Activity ::
From the entries that follow, copy exactly the lines beginning at the line holding "max_temp = 140" and continuing through the line holding "rpm_nom = 20000".

*** Opening Provided entries ***

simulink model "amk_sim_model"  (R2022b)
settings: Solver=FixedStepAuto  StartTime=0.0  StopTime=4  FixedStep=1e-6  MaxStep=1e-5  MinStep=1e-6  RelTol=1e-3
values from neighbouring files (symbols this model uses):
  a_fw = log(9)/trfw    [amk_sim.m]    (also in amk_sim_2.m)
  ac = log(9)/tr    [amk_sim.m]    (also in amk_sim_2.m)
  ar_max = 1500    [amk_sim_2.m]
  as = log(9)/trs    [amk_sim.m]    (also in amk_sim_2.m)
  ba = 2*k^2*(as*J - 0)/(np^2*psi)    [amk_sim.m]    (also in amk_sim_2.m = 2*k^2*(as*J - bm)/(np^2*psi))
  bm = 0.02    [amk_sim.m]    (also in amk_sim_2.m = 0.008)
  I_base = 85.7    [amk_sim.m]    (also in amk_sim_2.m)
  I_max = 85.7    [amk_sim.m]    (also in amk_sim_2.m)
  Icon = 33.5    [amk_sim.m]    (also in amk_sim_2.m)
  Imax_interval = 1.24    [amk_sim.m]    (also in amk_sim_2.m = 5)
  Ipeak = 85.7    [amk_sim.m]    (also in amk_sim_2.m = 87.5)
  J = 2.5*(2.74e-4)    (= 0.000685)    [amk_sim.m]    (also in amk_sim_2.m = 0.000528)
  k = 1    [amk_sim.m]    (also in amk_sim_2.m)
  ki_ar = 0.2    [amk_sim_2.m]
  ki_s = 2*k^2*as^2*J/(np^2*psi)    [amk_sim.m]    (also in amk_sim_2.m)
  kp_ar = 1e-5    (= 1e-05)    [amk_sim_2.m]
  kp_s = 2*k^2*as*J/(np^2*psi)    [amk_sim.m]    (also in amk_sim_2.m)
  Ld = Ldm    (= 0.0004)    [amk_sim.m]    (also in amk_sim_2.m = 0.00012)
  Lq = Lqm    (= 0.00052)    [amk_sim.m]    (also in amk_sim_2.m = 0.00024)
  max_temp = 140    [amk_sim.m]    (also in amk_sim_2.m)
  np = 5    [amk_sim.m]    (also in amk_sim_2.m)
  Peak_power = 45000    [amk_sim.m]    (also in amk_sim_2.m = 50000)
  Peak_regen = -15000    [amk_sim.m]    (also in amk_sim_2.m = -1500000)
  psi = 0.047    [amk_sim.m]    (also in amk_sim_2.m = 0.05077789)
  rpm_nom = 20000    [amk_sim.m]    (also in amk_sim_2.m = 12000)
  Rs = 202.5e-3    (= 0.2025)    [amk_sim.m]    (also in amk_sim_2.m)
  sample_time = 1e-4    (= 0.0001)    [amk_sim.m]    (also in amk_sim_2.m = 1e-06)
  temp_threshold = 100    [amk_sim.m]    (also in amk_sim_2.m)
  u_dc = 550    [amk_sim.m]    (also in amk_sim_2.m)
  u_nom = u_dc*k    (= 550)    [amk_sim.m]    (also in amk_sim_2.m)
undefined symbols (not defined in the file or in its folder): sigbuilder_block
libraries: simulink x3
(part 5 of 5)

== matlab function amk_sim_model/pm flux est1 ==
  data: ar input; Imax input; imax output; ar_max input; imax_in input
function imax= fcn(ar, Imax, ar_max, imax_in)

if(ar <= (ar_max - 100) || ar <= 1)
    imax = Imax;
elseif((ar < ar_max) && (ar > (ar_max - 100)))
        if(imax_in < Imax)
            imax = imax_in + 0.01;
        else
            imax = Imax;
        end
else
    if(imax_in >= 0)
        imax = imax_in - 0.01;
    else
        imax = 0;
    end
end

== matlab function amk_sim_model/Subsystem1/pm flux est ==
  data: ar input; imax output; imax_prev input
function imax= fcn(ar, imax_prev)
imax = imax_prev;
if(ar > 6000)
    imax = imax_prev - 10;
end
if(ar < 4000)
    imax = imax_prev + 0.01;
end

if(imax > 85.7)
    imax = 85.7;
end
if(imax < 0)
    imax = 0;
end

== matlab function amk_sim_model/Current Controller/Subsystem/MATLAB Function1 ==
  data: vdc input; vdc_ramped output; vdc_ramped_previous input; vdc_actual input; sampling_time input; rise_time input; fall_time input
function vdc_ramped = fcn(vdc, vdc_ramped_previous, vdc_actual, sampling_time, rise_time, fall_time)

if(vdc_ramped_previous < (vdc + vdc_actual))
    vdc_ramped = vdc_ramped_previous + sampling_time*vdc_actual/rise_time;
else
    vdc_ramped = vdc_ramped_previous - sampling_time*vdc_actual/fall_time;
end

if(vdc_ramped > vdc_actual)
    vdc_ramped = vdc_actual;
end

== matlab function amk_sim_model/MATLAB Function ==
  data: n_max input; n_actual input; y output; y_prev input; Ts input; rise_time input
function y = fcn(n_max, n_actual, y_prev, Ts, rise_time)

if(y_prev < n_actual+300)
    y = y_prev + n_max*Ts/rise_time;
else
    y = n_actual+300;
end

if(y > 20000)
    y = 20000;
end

*** Closing Provided entries ***

Completed exercise ::
  max_temp = 140    [amk_sim.m]    (also in amk_sim_2.m)
  np = 5    [amk_sim.m]    (also in amk_sim_2.m)
  Peak_power = 45000    [amk_sim.m]    (also in amk_sim_2.m = 50000)
  Peak_regen = -15000    [amk_sim.m]    (also in amk_sim_2.m = -1500000)
  psi = 0.047    [amk_sim.m]    (also in amk_sim_2.m = 0.05077789)
  rpm_nom = 20000    [amk_sim.m]    (also in amk_sim_2.m = 12000)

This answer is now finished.